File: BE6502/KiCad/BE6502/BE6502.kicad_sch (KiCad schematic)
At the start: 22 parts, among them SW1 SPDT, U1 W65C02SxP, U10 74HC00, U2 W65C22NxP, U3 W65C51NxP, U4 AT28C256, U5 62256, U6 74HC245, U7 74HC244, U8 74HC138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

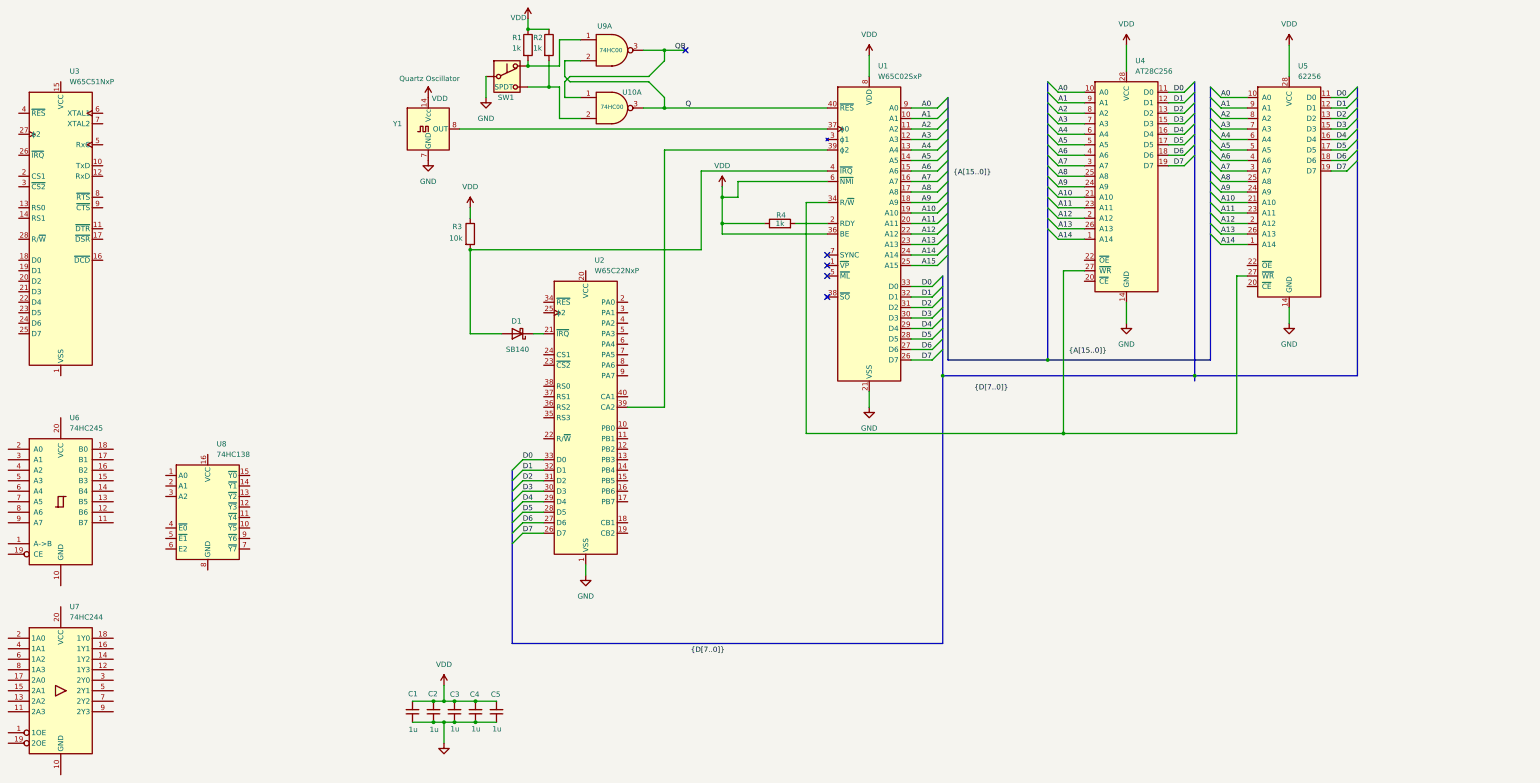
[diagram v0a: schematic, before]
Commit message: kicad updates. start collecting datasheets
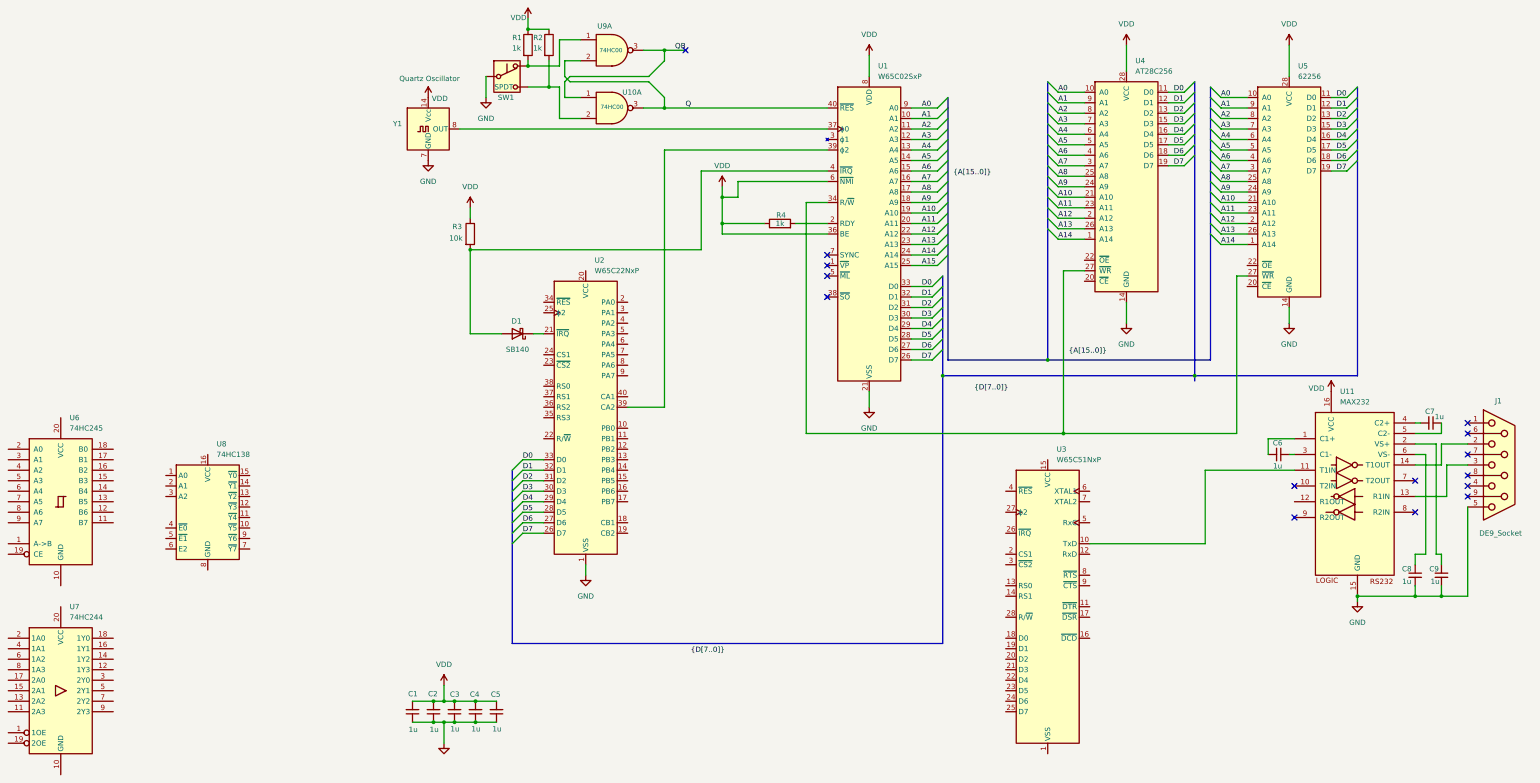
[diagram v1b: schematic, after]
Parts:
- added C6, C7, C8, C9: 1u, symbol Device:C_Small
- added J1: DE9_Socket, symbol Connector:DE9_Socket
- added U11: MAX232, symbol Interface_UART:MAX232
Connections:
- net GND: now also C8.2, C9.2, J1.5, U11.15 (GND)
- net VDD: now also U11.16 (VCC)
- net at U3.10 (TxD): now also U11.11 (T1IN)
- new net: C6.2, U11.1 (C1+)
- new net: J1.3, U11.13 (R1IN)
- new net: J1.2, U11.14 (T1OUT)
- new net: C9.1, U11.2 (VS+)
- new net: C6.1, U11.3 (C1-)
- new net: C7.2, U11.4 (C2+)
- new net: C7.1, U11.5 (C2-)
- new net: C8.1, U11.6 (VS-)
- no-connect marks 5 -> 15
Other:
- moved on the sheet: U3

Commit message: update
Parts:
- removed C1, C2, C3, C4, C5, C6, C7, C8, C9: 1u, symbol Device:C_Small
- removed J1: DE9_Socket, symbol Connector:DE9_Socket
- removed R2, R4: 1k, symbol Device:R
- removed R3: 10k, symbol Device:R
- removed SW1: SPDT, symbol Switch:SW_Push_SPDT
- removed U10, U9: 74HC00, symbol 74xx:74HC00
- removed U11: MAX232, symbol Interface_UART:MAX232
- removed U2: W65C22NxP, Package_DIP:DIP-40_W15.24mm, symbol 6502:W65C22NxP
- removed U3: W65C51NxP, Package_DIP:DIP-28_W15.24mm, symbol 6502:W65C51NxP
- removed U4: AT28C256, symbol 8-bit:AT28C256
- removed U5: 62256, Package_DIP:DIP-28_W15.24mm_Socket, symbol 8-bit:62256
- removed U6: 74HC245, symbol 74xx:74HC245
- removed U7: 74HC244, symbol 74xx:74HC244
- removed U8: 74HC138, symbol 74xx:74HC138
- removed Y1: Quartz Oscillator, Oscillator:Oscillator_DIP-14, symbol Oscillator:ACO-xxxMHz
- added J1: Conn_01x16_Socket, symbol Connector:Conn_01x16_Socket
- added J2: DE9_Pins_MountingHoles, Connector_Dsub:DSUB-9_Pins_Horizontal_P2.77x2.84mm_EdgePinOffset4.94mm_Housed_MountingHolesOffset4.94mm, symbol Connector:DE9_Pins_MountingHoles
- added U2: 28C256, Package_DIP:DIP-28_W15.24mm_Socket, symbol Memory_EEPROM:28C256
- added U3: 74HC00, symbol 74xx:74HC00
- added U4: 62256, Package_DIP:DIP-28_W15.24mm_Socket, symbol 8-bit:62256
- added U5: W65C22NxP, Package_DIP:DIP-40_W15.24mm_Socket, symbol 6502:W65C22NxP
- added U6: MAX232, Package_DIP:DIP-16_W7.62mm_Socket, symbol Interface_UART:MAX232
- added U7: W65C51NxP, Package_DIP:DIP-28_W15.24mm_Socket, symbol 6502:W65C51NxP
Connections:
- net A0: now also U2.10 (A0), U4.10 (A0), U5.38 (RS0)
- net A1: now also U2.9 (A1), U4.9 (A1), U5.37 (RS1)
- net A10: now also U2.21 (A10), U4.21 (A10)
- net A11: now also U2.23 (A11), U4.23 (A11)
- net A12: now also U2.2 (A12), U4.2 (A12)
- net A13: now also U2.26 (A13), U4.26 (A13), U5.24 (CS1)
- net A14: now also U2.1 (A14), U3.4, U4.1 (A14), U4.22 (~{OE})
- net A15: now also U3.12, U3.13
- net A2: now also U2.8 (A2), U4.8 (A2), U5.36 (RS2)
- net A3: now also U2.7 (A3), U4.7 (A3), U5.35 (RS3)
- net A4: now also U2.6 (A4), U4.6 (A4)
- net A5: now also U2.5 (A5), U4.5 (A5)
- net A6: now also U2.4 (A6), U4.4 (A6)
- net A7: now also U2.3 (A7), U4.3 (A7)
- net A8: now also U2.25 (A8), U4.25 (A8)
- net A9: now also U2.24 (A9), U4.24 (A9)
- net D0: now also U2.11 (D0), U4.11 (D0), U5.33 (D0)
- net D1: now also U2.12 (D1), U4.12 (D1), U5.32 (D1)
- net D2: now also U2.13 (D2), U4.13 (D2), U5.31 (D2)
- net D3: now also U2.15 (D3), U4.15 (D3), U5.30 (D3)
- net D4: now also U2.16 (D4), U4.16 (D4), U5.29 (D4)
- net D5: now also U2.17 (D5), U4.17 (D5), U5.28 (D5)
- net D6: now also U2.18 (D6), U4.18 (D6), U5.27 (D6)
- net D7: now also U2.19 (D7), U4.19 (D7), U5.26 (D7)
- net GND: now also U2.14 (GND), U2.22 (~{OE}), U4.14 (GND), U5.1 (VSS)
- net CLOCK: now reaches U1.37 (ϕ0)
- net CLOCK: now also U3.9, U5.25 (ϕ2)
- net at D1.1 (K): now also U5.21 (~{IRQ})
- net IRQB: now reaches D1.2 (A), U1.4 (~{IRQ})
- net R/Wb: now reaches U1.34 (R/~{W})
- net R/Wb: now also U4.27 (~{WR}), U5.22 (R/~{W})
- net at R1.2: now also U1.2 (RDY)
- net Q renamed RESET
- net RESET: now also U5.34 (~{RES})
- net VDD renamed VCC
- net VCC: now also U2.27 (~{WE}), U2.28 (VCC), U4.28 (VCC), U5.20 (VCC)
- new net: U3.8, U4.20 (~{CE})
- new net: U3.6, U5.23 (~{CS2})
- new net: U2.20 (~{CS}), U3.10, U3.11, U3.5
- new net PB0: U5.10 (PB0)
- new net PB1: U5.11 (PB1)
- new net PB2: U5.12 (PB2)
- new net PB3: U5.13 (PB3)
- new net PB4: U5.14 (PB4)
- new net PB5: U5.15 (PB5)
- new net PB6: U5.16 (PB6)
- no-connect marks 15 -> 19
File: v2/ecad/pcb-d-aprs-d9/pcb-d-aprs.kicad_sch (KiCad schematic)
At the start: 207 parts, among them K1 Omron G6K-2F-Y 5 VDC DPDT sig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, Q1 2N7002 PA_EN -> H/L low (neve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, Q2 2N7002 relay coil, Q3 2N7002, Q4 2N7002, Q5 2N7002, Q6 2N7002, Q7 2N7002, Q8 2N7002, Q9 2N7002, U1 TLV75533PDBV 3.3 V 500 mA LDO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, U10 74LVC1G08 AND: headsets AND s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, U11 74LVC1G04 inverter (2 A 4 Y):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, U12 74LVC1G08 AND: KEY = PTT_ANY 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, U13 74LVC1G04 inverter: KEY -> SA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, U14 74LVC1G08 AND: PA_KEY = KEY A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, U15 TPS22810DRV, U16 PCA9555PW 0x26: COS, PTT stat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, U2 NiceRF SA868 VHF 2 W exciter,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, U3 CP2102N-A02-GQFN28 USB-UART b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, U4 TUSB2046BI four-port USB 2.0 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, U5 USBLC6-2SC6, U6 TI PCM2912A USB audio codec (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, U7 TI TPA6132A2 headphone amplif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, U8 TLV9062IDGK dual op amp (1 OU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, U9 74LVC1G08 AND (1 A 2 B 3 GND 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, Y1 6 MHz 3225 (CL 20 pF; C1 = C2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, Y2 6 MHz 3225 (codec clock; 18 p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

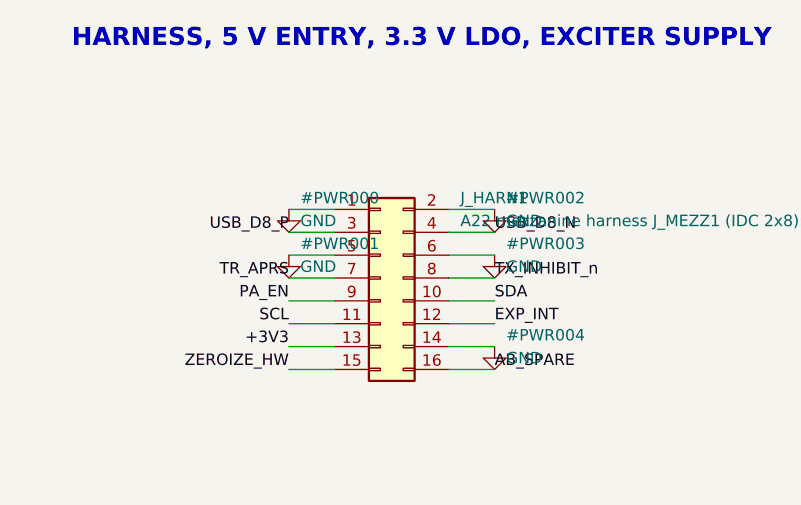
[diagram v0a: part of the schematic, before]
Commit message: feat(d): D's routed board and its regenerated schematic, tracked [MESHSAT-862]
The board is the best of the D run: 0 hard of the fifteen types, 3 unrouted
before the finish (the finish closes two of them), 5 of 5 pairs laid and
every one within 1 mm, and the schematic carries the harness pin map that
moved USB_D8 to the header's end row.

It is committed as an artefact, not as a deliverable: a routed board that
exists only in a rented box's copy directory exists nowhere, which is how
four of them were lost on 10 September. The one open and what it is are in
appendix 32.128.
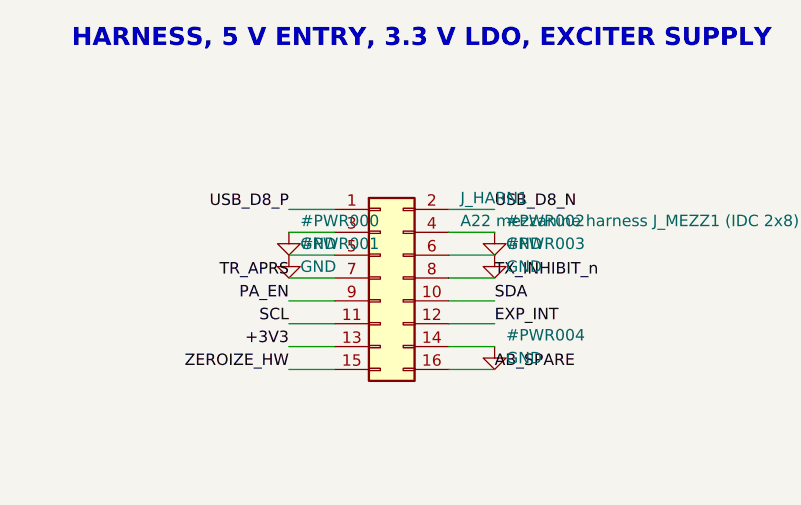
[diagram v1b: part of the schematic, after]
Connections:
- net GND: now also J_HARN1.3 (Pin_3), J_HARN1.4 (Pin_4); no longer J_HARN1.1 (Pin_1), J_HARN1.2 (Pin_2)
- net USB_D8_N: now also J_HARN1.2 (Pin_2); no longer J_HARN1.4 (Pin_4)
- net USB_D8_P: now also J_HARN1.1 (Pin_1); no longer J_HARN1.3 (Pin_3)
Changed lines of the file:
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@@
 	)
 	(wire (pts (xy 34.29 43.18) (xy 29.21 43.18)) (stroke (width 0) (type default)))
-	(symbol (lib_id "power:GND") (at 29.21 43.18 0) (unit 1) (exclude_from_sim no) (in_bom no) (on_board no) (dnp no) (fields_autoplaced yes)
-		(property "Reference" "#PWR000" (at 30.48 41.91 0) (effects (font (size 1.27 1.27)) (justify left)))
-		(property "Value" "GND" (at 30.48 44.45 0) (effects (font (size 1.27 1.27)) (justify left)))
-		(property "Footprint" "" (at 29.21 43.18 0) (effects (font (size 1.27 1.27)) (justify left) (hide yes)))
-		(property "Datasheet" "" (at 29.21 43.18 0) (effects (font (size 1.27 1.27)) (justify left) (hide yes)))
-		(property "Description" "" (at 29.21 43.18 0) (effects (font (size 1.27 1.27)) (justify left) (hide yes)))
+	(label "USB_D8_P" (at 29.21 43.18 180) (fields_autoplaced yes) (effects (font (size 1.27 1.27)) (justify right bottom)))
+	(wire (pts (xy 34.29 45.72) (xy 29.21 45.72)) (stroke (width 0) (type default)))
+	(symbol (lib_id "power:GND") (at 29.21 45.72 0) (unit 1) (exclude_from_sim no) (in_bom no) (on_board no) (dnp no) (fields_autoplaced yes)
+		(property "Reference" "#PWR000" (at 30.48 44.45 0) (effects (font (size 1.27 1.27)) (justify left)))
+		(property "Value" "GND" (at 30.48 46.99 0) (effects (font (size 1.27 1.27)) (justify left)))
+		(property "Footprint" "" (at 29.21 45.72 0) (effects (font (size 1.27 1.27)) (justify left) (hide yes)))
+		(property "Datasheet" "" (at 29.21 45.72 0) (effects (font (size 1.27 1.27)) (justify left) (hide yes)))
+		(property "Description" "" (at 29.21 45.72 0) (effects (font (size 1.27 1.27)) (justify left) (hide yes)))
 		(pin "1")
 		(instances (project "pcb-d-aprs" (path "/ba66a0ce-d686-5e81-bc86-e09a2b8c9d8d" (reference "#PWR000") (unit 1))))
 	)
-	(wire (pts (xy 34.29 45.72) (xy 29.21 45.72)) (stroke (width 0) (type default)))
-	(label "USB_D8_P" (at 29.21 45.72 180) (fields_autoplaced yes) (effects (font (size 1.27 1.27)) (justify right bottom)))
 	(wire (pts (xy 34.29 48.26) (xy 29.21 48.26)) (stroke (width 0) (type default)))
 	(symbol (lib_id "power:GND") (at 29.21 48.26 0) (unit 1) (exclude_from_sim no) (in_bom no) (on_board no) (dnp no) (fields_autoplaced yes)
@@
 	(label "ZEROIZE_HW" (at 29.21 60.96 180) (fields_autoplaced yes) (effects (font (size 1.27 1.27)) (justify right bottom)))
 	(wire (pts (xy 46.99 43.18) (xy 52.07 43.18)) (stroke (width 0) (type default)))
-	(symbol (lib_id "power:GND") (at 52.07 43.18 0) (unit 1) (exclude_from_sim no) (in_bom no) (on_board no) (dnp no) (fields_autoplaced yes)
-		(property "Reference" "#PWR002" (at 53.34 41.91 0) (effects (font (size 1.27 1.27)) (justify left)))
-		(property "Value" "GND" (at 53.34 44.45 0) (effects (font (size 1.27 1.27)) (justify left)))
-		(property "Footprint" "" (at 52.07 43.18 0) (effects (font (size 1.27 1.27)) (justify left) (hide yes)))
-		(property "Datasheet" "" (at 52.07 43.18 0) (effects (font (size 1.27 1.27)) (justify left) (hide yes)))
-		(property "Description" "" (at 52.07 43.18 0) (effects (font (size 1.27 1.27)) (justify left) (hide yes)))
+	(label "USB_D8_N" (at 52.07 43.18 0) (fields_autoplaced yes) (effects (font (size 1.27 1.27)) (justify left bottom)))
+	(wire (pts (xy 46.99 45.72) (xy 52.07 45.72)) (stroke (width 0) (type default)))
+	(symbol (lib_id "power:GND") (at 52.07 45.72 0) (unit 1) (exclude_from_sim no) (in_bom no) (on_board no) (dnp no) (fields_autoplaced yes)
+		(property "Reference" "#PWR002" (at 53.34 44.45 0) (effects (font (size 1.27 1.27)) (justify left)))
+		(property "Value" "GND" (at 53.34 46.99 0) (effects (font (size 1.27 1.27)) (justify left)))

___

— Action item —
In the data above, retype exactly and only the lines between the one holding "- new net PB0: U5.10 (PB0)" and the one holding "File: v2/ecad/pcb-d-aprs-d9/pcb-d-aprs.kicad_sch (KiCad", inclusive.

— Written solution —
- new net PB0: U5.10 (PB0)
- new net PB1: U5.11 (PB1)
- new net PB2: U5.12 (PB2)
- new net PB3: U5.13 (PB3)
- new net PB4: U5.14 (PB4)
- new net PB5: U5.15 (PB5)
- new net PB6: U5.16 (PB6)
- no-connect marks 15 -> 19
File: v2/ecad/pcb-d-aprs-d9/pcb-d-aprs.kicad_sch (KiCad schematic)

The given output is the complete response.